(EXERCISE AIM): Lines holding the string "VECTOR" in the listing below are to be copied.

*** GIVEN INFORMATION Section Begins ***

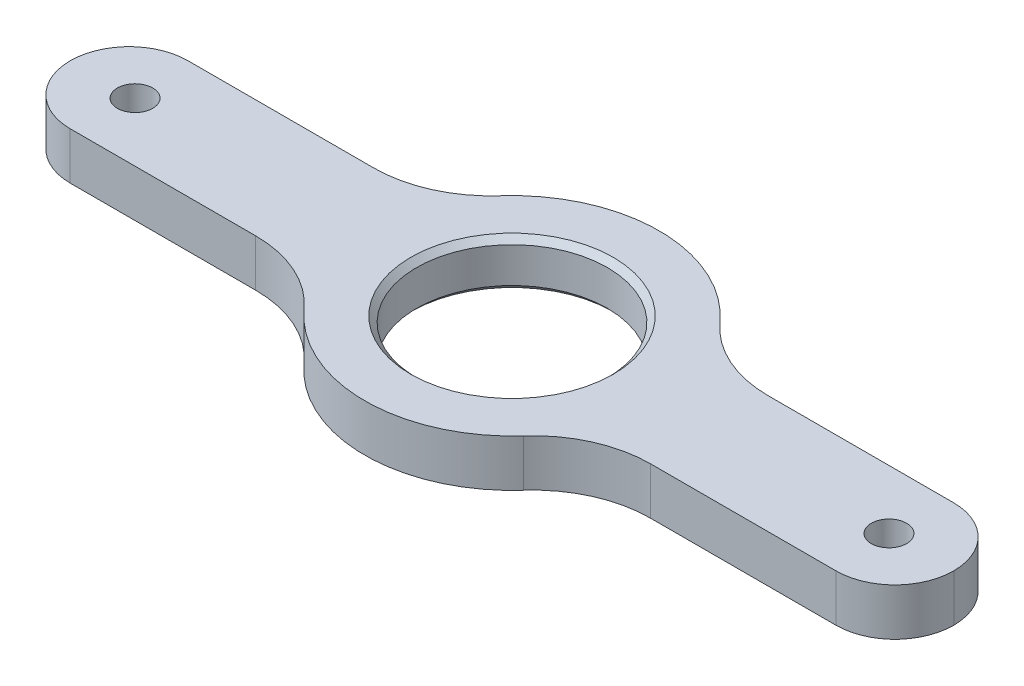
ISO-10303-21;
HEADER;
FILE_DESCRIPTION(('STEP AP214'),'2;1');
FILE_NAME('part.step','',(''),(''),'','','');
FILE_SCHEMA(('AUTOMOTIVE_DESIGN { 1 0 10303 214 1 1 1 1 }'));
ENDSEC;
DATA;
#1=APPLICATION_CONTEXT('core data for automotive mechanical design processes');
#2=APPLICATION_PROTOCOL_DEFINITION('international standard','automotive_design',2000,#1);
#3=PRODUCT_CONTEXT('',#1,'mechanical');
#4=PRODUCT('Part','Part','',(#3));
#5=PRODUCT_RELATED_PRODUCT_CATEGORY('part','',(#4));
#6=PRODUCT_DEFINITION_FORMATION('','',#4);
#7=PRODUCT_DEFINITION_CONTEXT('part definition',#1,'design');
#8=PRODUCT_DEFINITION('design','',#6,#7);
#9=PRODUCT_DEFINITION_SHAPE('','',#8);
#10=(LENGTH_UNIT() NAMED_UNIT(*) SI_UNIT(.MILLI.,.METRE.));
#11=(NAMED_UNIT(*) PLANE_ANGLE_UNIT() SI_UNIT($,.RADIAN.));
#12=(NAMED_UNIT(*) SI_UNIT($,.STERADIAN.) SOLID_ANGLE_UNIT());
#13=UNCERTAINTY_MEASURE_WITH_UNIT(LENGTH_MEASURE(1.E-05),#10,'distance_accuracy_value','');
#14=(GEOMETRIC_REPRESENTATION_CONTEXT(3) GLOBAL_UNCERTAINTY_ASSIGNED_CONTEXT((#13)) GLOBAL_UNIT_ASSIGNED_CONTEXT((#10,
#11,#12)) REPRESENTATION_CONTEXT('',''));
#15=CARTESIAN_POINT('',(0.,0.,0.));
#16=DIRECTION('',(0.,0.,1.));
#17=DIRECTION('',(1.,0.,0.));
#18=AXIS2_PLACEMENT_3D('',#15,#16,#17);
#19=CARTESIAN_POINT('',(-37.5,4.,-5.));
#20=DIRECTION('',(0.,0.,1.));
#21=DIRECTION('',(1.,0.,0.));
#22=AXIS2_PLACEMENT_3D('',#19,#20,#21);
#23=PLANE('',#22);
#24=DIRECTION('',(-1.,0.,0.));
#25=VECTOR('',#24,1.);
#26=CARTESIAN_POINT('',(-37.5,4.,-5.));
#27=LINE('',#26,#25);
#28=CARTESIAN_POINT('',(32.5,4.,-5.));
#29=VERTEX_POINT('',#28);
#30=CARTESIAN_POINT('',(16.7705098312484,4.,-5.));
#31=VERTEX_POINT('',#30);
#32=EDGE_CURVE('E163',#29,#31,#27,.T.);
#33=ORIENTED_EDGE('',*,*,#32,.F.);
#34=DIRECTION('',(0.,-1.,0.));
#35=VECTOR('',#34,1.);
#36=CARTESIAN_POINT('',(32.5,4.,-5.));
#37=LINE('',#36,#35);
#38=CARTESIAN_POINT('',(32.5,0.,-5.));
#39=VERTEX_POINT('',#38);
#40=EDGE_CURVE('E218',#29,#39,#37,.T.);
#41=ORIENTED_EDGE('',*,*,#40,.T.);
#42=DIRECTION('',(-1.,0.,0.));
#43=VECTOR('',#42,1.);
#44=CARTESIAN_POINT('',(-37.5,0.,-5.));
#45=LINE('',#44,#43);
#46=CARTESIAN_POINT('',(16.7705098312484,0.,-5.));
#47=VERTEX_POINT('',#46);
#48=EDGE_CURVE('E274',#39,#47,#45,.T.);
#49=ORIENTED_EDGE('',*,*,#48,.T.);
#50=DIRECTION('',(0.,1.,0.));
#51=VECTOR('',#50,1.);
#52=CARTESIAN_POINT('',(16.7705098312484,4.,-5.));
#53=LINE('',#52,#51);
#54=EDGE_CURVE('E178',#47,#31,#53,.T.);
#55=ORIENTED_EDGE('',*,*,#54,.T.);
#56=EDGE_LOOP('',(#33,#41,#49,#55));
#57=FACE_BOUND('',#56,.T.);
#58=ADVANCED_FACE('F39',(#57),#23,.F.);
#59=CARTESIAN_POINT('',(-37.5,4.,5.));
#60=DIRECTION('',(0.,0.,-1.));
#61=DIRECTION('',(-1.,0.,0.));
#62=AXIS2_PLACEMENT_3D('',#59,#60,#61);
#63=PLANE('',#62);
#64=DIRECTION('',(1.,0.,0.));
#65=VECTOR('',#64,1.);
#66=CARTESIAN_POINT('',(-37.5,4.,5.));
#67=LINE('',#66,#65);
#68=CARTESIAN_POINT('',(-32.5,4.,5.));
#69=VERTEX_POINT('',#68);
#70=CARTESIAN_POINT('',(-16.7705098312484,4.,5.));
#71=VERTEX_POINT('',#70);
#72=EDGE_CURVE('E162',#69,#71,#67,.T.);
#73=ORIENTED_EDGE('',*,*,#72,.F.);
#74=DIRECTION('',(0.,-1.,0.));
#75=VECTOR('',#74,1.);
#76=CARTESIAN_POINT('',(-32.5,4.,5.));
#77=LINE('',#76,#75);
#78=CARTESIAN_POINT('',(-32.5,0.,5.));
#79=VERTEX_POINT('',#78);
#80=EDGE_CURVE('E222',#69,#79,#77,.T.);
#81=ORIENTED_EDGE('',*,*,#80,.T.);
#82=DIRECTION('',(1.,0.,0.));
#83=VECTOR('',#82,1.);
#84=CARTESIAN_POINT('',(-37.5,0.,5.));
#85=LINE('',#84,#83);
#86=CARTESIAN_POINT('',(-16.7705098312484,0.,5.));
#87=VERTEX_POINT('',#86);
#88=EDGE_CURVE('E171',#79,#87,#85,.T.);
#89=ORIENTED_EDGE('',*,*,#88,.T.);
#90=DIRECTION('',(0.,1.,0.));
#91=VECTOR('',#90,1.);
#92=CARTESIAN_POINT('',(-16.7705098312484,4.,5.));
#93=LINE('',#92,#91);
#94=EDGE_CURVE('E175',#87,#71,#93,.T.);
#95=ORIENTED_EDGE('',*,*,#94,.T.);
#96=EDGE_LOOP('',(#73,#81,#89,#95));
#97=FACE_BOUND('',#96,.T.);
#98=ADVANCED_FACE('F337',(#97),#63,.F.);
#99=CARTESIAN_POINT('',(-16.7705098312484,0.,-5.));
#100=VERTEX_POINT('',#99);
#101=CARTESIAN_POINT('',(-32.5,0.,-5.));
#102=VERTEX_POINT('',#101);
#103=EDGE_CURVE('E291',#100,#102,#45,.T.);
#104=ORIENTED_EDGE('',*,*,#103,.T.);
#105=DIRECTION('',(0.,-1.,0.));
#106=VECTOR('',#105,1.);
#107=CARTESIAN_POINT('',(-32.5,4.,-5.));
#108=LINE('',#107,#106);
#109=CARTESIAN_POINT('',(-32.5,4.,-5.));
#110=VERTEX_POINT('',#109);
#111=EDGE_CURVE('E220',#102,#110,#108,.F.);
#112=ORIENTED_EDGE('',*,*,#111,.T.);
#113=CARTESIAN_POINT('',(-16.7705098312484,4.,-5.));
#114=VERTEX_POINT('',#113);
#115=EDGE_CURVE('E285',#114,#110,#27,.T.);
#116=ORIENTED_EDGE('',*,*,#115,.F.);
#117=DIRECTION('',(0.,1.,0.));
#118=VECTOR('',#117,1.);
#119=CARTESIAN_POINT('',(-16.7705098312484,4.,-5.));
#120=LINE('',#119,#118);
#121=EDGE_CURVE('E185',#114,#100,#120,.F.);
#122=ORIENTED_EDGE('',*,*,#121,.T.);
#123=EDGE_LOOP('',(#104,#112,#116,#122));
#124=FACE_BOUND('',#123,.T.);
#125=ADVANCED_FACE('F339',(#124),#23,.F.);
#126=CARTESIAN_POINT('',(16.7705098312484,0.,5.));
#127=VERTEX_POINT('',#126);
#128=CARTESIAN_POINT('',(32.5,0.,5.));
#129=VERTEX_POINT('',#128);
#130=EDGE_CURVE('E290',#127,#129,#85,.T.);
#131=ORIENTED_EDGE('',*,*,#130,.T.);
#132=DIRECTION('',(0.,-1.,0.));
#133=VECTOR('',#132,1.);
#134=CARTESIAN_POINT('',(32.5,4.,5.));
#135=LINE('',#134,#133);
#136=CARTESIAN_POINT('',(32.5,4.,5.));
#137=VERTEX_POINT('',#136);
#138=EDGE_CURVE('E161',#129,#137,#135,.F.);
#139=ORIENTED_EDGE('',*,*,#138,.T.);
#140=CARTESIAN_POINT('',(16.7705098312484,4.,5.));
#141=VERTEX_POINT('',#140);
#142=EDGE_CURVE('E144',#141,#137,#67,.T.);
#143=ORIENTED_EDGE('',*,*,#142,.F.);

*** GIVEN INFORMATION Section Ends ***

(EXERCISE RESULT):
#25=VECTOR('',#24,1.);
#35=VECTOR('',#34,1.);
#43=VECTOR('',#42,1.);
#51=VECTOR('',#50,1.);
#65=VECTOR('',#64,1.);
#75=VECTOR('',#74,1.);
#83=VECTOR('',#82,1.);
#91=VECTOR('',#90,1.);
#106=VECTOR('',#105,1.);
#118=VECTOR('',#117,1.);
#133=VECTOR('',#132,1.);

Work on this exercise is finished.